Differential Revision: [D75686049](https://our.internmc.facebook.com/intern/diff/D75686049/)

[ghstack-poisoned]
---
 backends/vulkan/op_registry.py                |  25 ++--
 .../vulkan/runtime/graph/ops/impl/Permute.cpp | 114 ++++++++++++------
 .../vulkan/runtime/graph/ops/impl/Permute.h   |   6 +-
 .../graph/ops/impl/RotaryEmbedding.cpp        |  16 ++-
 .../vulkan/runtime/graph/ops/impl/Squeeze.cpp |  21 ++--
 .../runtime/graph/ops/impl/Unsqueeze.cpp      |  11 +-
 .../graph/ops/impl/utils/TensorUtils.cpp      |   7 ++
 .../graph/ops/impl/utils/TensorUtils.h        |   6 +
 8 files changed, 141 insertions(+), 65 deletions(-)

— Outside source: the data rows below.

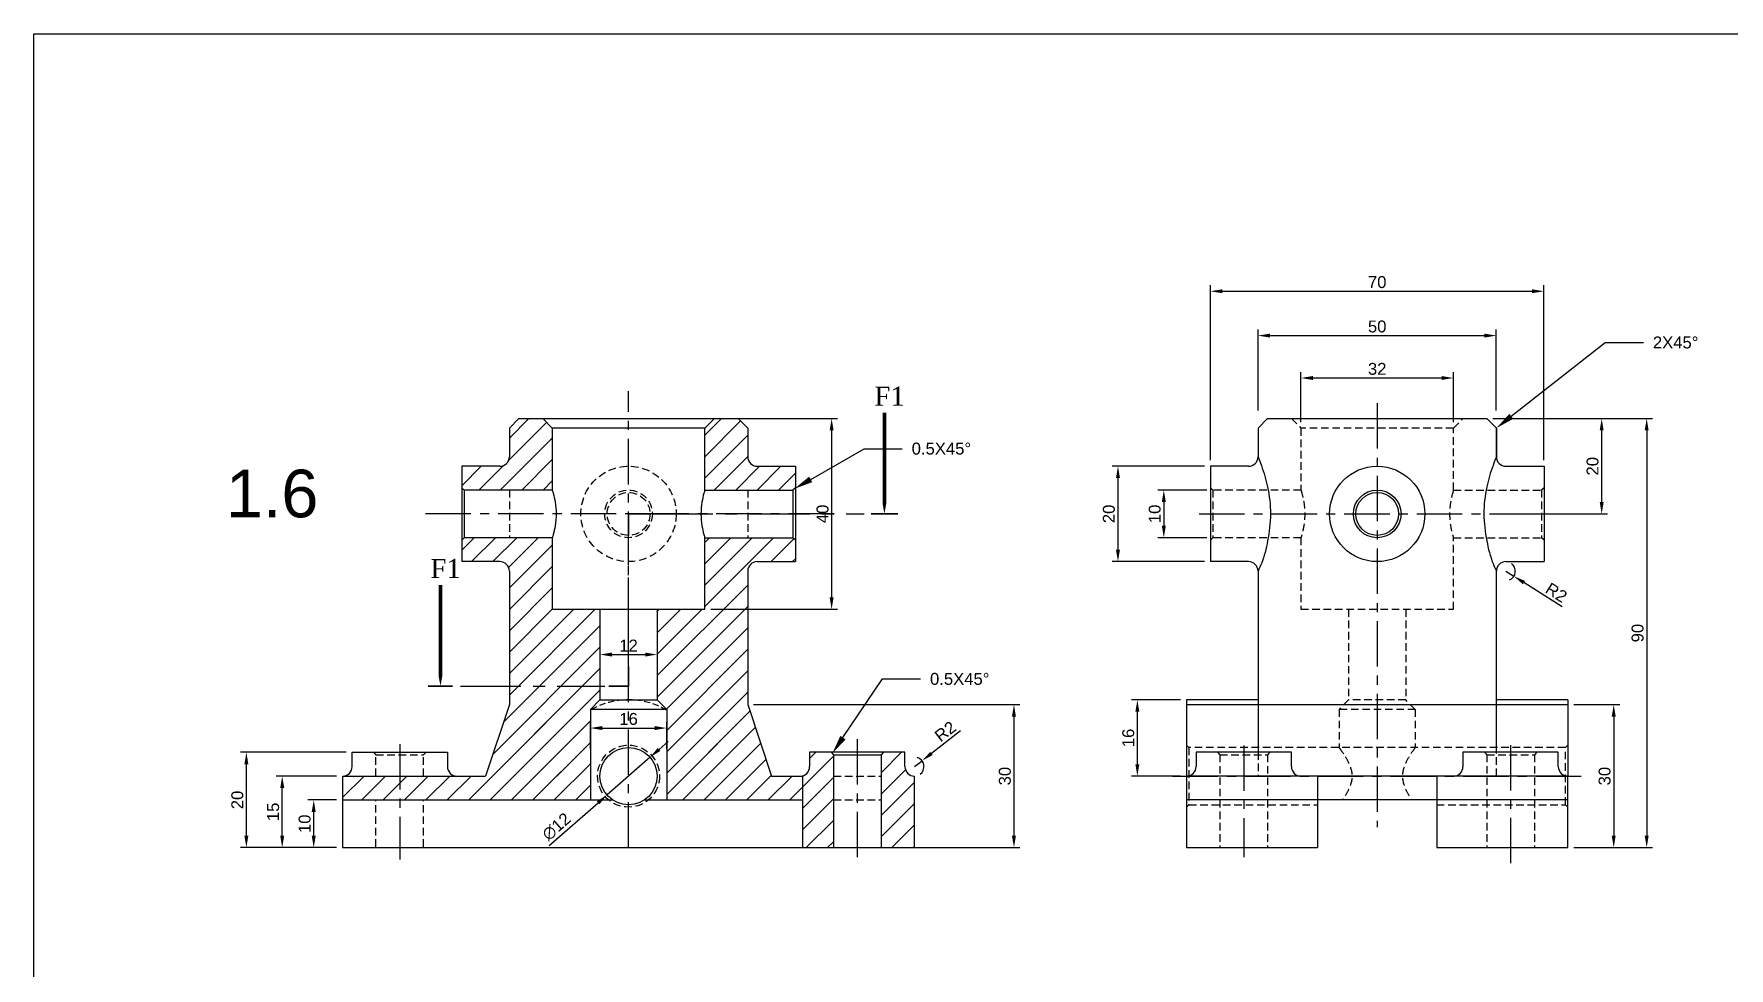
# Model space of a CAD drawing. Header units: millimetres. Extents: x 89 to 2222, y 348 to 1477.
# Drawn here: x 1557.5 to 1913.2, y 716.2 to 912.2 of the extents above; entities that cross this region are included whole.
import ezdxf
from ezdxf import colors
from ezdxf.entities.mleader import LeaderData, LeaderLine
from ezdxf.math import Vec2, Vec3

# ---------------------------------------------------------------- set-up
doc = ezdxf.new("R2010")
doc.units = ezdxf.units.MM
doc.header["$PDMODE"] = 32
doc.header["$PDSIZE"] = 1
doc.linetypes.add('CENTER', pattern=[50.8, 31.75, -6.35, 6.35, -6.35])
doc.linetypes.add('HIDDEN', pattern=[9.525, 6.35, -3.175])
doc.styles.get("Standard").update_dxf_attribs({"font": 'arial.ttf'})
doc.dimstyles.new('ISO-25', dxfattribs={"dimtxt": 2.5, "dimasz": 2.5, "dimexe": 1.25, "dimexo": 1.25, "dimtad": 1, "dimtxsty": 'Standard', "dimcen": 2.5, "dimclrd": 3, "dimclre": 3, "dimclrt": 3, "dimadec": 0, "dimazin": 0, "dimtfac": 1, "dimtmove": 0, "dimatfit": 3, "dimfxl": 1, "dimarcsym": 0})
pattern_1 = [(45, (1328.333, -758.83), (-2.245064, 2.245064), [])]

# ---------------------------------------------------------------- blocks, each defined once
blk = doc.blocks.new('*D116')
at = {"color": 3, "lineweight": -2, "transparency": 16777216}
for p, q in [((1863.63, 831.48), (1897.18, 831.48)), ((1895.93, 828.98), (1895.93, 743.98)), ((1880.63, 741.48), (1897.18, 741.48))]:
    blk.add_line(p, q, dxfattribs=at)
at = {"color": 3, "transparency": 16777216}
for points in [[(1895.51, 828.98), (1896.34, 828.98), (1895.93, 831.48)], [(1895.51, 743.98), (1896.34, 743.98), (1895.93, 741.48)]]:
    blk.add_solid(points, dxfattribs=at)
at = {"layer": 'Defpoints', "color": 0, "transparency": 16777216}
for p in [(1862.38, 831.48), (1879.38, 741.48), (1895.93, 741.48)]:
    blk.add_point(p, dxfattribs=at)
at = {"color": 3, "transparency": 16777216, "insert": (1894.03, 786.48), "char_height": 2.5, "attachment_point": 5, "rotation": 90}
blk.add_mtext('90', dxfattribs=at)
blk = doc.blocks.new('*D117')
at = {"color": 3, "lineweight": -2, "transparency": 16777216}
for p, q in [((1708.55, 771.48), (1764.42, 771.48)), ((1763.17, 768.98), (1763.17, 743.98)), ((1708.55, 741.48), (1764.42, 741.48))]:
    blk.add_line(p, q, dxfattribs=at)
at = {"color": 3, "transparency": 16777216}
for points in [[(1762.75, 768.98), (1763.58, 768.98), (1763.17, 771.48)], [(1762.75, 743.98), (1763.58, 743.98), (1763.17, 741.48)]]:
    blk.add_solid(points, dxfattribs=at)
at = {"layer": 'Defpoints', "color": 0, "transparency": 16777216}
for p in [(1707.3, 771.48), (1707.3, 741.48), (1763.17, 741.48)]:
    blk.add_point(p, dxfattribs=at)
at = {"color": 3, "transparency": 16777216, "insert": (1761.27, 756.48), "char_height": 2.5, "attachment_point": 5, "rotation": 90}
blk.add_mtext('30', dxfattribs=at)
blk = doc.blocks.new('*D118')
at = {"color": 3, "lineweight": -2, "transparency": 16777216}
for p, q in [((1621.05, 751.48), (1614.99, 751.48)), ((1616.24, 743.98), (1616.24, 748.98)), ((1621.05, 741.48), (1614.99, 741.48))]:
    blk.add_line(p, q, dxfattribs=at)
at = {"color": 3, "transparency": 16777216}
for points in [[(1615.82, 748.98), (1616.66, 748.98), (1616.24, 751.48)], [(1615.82, 743.98), (1616.66, 743.98), (1616.24, 741.48)]]:
    blk.add_solid(points, dxfattribs=at)
at = {"layer": 'Defpoints', "color": 0, "transparency": 16777216}
for p in [(1616.24, 751.48), (1622.3, 751.48), (1622.3, 741.48)]:
    blk.add_point(p, dxfattribs=at)
at = {"color": 3, "transparency": 16777216, "insert": (1614.34, 746.48), "char_height": 2.5, "attachment_point": 5, "rotation": 90}
blk.add_mtext('10', dxfattribs=at)
blk = doc.blocks.new('*D119')
at = {"color": 3, "lineweight": -2, "transparency": 16777216}
for p, q in [((1621.05, 756.48), (1608.38, 756.48)), ((1609.63, 743.98), (1609.63, 753.98)), ((1621.05, 741.48), (1608.38, 741.48))]:
    blk.add_line(p, q, dxfattribs=at)
at = {"color": 3, "transparency": 16777216}
for points in [[(1609.21, 753.98), (1610.05, 753.98), (1609.63, 756.48)], [(1609.21, 743.98), (1610.05, 743.98), (1609.63, 741.48)]]:
    blk.add_solid(points, dxfattribs=at)
at = {"layer": 'Defpoints', "color": 0, "transparency": 16777216}
for p in [(1609.63, 756.48), (1622.3, 756.48), (1622.3, 741.48)]:
    blk.add_point(p, dxfattribs=at)
at = {"color": 3, "transparency": 16777216, "insert": (1607.73, 748.98), "char_height": 2.5, "attachment_point": 5, "rotation": 90}
blk.add_mtext('15', dxfattribs=at)
blk = doc.blocks.new('*D120')
at = {"color": 3, "lineweight": -2, "transparency": 16777216}
for p, q in [((1623.05, 761.48), (1600.87, 761.48)), ((1602.12, 743.98), (1602.12, 758.98)), ((1621.05, 741.48), (1600.87, 741.48))]:
    blk.add_line(p, q, dxfattribs=at)
at = {"color": 3, "transparency": 16777216}
for points in [[(1601.7, 758.98), (1602.53, 758.98), (1602.12, 761.48)], [(1601.7, 743.98), (1602.53, 743.98), (1602.12, 741.48)]]:
    blk.add_solid(points, dxfattribs=at)
at = {"layer": 'Defpoints', "color": 0, "transparency": 16777216}
for p in [(1602.12, 761.48), (1624.3, 761.48), (1622.3, 741.48)]:
    blk.add_point(p, dxfattribs=at)
at = {"color": 3, "transparency": 16777216, "insert": (1600.22, 751.48), "char_height": 2.5, "attachment_point": 5, "rotation": 90}
blk.add_mtext('20', dxfattribs=at)
blk = doc.blocks.new('*D121')
at = {"color": 3, "lineweight": -2, "transparency": 16777216}
for p, q in [((1688.7, 762.07), (1690.58, 763.72)), ((1686.82, 760.43), (1677.79, 752.53)), ((1665.65, 741.91), (1675.9, 750.88))]:
    blk.add_line(p, q, dxfattribs=at)
at = {"color": 3, "transparency": 16777216}
for points in [[(1688.43, 762.39), (1688.97, 761.76), (1686.82, 760.43)], [(1675.63, 751.19), (1676.18, 750.57), (1677.79, 752.53)]]:
    blk.add_solid(points, dxfattribs=at)
at = {"layer": 'Defpoints', "color": 0, "transparency": 16777216}
for p in [(1686.82, 760.43), (1677.79, 752.53)]:
    blk.add_point(p, dxfattribs=at)
at = {"color": 3, "transparency": 16777216, "insert": (1667.18, 745.87), "char_height": 2.5, "attachment_point": 5, "rotation": 41.1705}
blk.add_mtext('∅12', dxfattribs=at)
blk = doc.blocks.new('*D122')
at = {"color": 3, "lineweight": -2, "transparency": 16777216}
for p, q in [((1798.13, 772.48), (1787.81, 772.48)), ((1789.06, 758.98), (1789.06, 769.98)), ((1798.13, 756.48), (1787.81, 756.48))]:
    blk.add_line(p, q, dxfattribs=at)
at = {"color": 3, "transparency": 16777216}
for points in [[(1788.64, 769.98), (1789.48, 769.98), (1789.06, 772.48)], [(1788.64, 758.98), (1789.48, 758.98), (1789.06, 756.48)]]:
    blk.add_solid(points, dxfattribs=at)
at = {"layer": 'Defpoints', "color": 0, "transparency": 16777216}
for p in [(1789.06, 772.48), (1799.38, 772.48), (1799.38, 756.48)]:
    blk.add_point(p, dxfattribs=at)
at = {"color": 3, "transparency": 16777216, "insert": (1787.16, 764.48), "char_height": 2.5, "attachment_point": 5, "rotation": 90}
blk.add_mtext('16', dxfattribs=at)
blk = doc.blocks.new('*D123')
at = {"color": 3, "lineweight": -2, "transparency": 16777216}
for p, q in [((1814.38, 833.19), (1814.38, 850.13)), ((1864.38, 833.19), (1864.38, 850.13)), ((1816.88, 848.88), (1861.88, 848.88))]:
    blk.add_line(p, q, dxfattribs=at)
at = {"color": 3, "transparency": 16777216}
for points in [[(1816.88, 849.3), (1816.88, 848.47), (1814.38, 848.88)], [(1861.88, 849.3), (1861.88, 848.47), (1864.38, 848.88)]]:
    blk.add_solid(points, dxfattribs=at)
at = {"layer": 'Defpoints', "color": 0, "transparency": 16777216}
for p in [(1864.38, 848.88), (1814.38, 831.94), (1864.38, 831.94)]:
    blk.add_point(p, dxfattribs=at)
at = {"color": 3, "transparency": 16777216, "insert": (1839.38, 850.78), "char_height": 2.5, "attachment_point": 5}
blk.add_mtext('50', dxfattribs=at)
blk = doc.blocks.new('*D124')
at = {"color": 3, "lineweight": -2, "transparency": 16777216}
for p, q in [((1823.38, 830.73), (1823.38, 841.24)), ((1825.88, 839.99), (1852.88, 839.99)), ((1855.38, 830.73), (1855.38, 841.24))]:
    blk.add_line(p, q, dxfattribs=at)
at = {"color": 3, "transparency": 16777216}
for points in [[(1825.88, 840.4), (1825.88, 839.57), (1823.38, 839.99)], [(1852.88, 840.4), (1852.88, 839.57), (1855.38, 839.99)]]:
    blk.add_solid(points, dxfattribs=at)
at = {"layer": 'Defpoints', "color": 0, "transparency": 16777216}
for p in [(1855.38, 839.99), (1823.38, 829.48), (1855.38, 829.48)]:
    blk.add_point(p, dxfattribs=at)
at = {"color": 3, "transparency": 16777216, "insert": (1839.38, 841.89), "char_height": 2.5, "attachment_point": 5}
blk.add_mtext('32', dxfattribs=at)
blk = doc.blocks.new('*D125')
at = {"color": 3, "lineweight": -2, "transparency": 16777216}
blk.add_line((1678.8, 781.98), (1685.8, 781.98), dxfattribs=at)
at = {"color": 3, "transparency": 16777216}
for points in [[(1678.8, 782.39), (1678.8, 781.56), (1676.3, 781.98)], [(1685.8, 782.39), (1685.8, 781.56), (1688.3, 781.98)]]:
    blk.add_solid(points, dxfattribs=at)
at = {"layer": 'Defpoints', "color": 0, "transparency": 16777216}
for p in [(1676.3, 781.98), (1688.3, 781.98), (1688.3, 781.98)]:
    blk.add_point(p, dxfattribs=at)
at = {"color": 3, "transparency": 16777216, "insert": (1682.3, 783.86), "char_height": 2.5, "attachment_point": 5}
blk.add_mtext('12', dxfattribs=at)
blk = doc.blocks.new('*D126')
at = {"color": 3, "lineweight": -2, "transparency": 16777216}
for p, q in [((1674.3, 762.23), (1674.3, 767.81)), ((1676.8, 766.56), (1687.8, 766.56)), ((1690.3, 762.23), (1690.3, 767.81))]:
    blk.add_line(p, q, dxfattribs=at)
at = {"color": 3, "transparency": 16777216}
for points in [[(1676.8, 766.98), (1676.8, 766.14), (1674.3, 766.56)], [(1687.8, 766.98), (1687.8, 766.14), (1690.3, 766.56)]]:
    blk.add_solid(points, dxfattribs=at)
at = {"layer": 'Defpoints', "color": 0, "transparency": 16777216}
for p in [(1690.3, 766.56), (1674.3, 760.98), (1690.3, 760.98)]:
    blk.add_point(p, dxfattribs=at)
at = {"color": 3, "transparency": 16777216, "insert": (1682.3, 768.46), "char_height": 2.5, "attachment_point": 5}
blk.add_mtext('16', dxfattribs=at)
blk = doc.blocks.new('*D127')
at = {"color": 3, "lineweight": -2, "transparency": 16777216}
for p, q in [((1803.13, 821.48), (1783.74, 821.48)), ((1784.99, 818.98), (1784.99, 803.98)), ((1803.13, 801.48), (1783.74, 801.48))]:
    blk.add_line(p, q, dxfattribs=at)
at = {"color": 3, "transparency": 16777216}
for points in [[(1784.57, 818.98), (1785.41, 818.98), (1784.99, 821.48)], [(1784.57, 803.98), (1785.41, 803.98), (1784.99, 801.48)]]:
    blk.add_solid(points, dxfattribs=at)
at = {"layer": 'Defpoints', "color": 0, "transparency": 16777216}
for p in [(1804.38, 821.48), (1784.99, 801.48), (1804.38, 801.48)]:
    blk.add_point(p, dxfattribs=at)
at = {"color": 3, "transparency": 16777216, "insert": (1783.09, 811.48), "char_height": 2.5, "attachment_point": 5, "rotation": 90}
blk.add_mtext('20', dxfattribs=at)
blk = doc.blocks.new('*D128')
at = {"color": 3, "lineweight": -2, "transparency": 16777216}
for p, q in [((1803.63, 816.48), (1793.36, 816.48)), ((1794.61, 813.98), (1794.61, 808.98)), ((1803.63, 806.48), (1793.36, 806.48))]:
    blk.add_line(p, q, dxfattribs=at)
at = {"color": 3, "transparency": 16777216}
for points in [[(1794.2, 813.98), (1795.03, 813.98), (1794.61, 816.48)], [(1794.2, 808.98), (1795.03, 808.98), (1794.61, 806.48)]]:
    blk.add_solid(points, dxfattribs=at)
at = {"layer": 'Defpoints', "color": 0, "transparency": 16777216}
for p in [(1804.88, 816.48), (1794.61, 806.48), (1804.88, 806.48)]:
    blk.add_point(p, dxfattribs=at)
at = {"color": 3, "transparency": 16777216, "insert": (1792.71, 811.48), "char_height": 2.5, "attachment_point": 5, "rotation": 90}
blk.add_mtext('10', dxfattribs=at)
blk = doc.blocks.new('*D129')
at = {"color": 3, "lineweight": -2, "transparency": 16777216}
for p, q in [((1699.55, 831.48), (1726.16, 831.48)), ((1724.91, 828.98), (1724.91, 793.98)), ((1699.55, 791.48), (1726.16, 791.48))]:
    blk.add_line(p, q, dxfattribs=at)
at = {"color": 3, "transparency": 16777216}
for points in [[(1724.49, 828.98), (1725.33, 828.98), (1724.91, 831.48)], [(1724.49, 793.98), (1725.33, 793.98), (1724.91, 791.48)]]:
    blk.add_solid(points, dxfattribs=at)
at = {"layer": 'Defpoints', "color": 0, "transparency": 16777216}
for p in [(1698.3, 831.48), (1698.3, 791.48), (1724.91, 791.48)]:
    blk.add_point(p, dxfattribs=at)
at = {"color": 3, "transparency": 16777216, "insert": (1723.01, 811.48), "char_height": 2.5, "attachment_point": 5, "rotation": 90}
blk.add_mtext('40', dxfattribs=at)
blk = doc.blocks.new('*D130')
at = {"color": 3, "lineweight": -2, "transparency": 16777216}
for p, q in [((1804.38, 822.73), (1804.38, 859.43)), ((1806.88, 858.18), (1871.88, 858.18)), ((1874.38, 822.73), (1874.38, 859.43))]:
    blk.add_line(p, q, dxfattribs=at)
at = {"color": 3, "transparency": 16777216}
for points in [[(1806.88, 858.6), (1806.88, 857.77), (1804.38, 858.18)], [(1871.88, 858.6), (1871.88, 857.77), (1874.38, 858.18)]]:
    blk.add_solid(points, dxfattribs=at)
at = {"layer": 'Defpoints', "color": 0, "transparency": 16777216}
for p in [(1874.38, 858.18), (1804.38, 821.48), (1874.38, 821.48)]:
    blk.add_point(p, dxfattribs=at)
at = {"color": 3, "transparency": 16777216, "insert": (1839.38, 860.09), "char_height": 2.5, "attachment_point": 5}
blk.add_mtext('70', dxfattribs=at)
blk = doc.blocks.new('*D131')
at = {"color": 3, "lineweight": -2, "transparency": 16777216}
for p, q in [((1863.63, 831.48), (1887.73, 831.48)), ((1886.48, 828.98), (1886.48, 813.98)), ((1863.63, 811.48), (1887.73, 811.48))]:
    blk.add_line(p, q, dxfattribs=at)
at = {"color": 3, "transparency": 16777216}
for points in [[(1886.07, 828.98), (1886.9, 828.98), (1886.48, 831.48)], [(1886.07, 813.98), (1886.9, 813.98), (1886.48, 811.48)]]:
    blk.add_solid(points, dxfattribs=at)
at = {"layer": 'Defpoints', "color": 0, "transparency": 16777216}
for p in [(1862.38, 831.48), (1862.38, 811.48), (1886.48, 811.48)]:
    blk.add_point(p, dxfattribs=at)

diff --git a/backends/vulkan/op_registry.py b/backends/vulkan/op_registry.py
index 0486110ced6..2aa940dcc4b 100644
--- a/backends/vulkan/op_registry.py
+++ b/backends/vulkan/op_registry.py
@@ -500,7 +500,12 @@ def register_sdpa_with_kv_cache_op(features: OpFeatures):
     return features
 
 
-@update_features(["llama::update_cache", "llama::custom_sdpa"])
+@update_features(
+    [
+        "llama::update_cache",
+        "llama::custom_sdpa",
+    ]
+)
 def register_sdpa_ops(features: OpFeatures):
     features.resize_fn = False
     features.buffer_impl = False
@@ -520,8 +525,17 @@ def register_rotary_emb_op(features: OpFeatures):
     return features
 
 
-@update_features(exir_ops.edge.aten.view_copy.default)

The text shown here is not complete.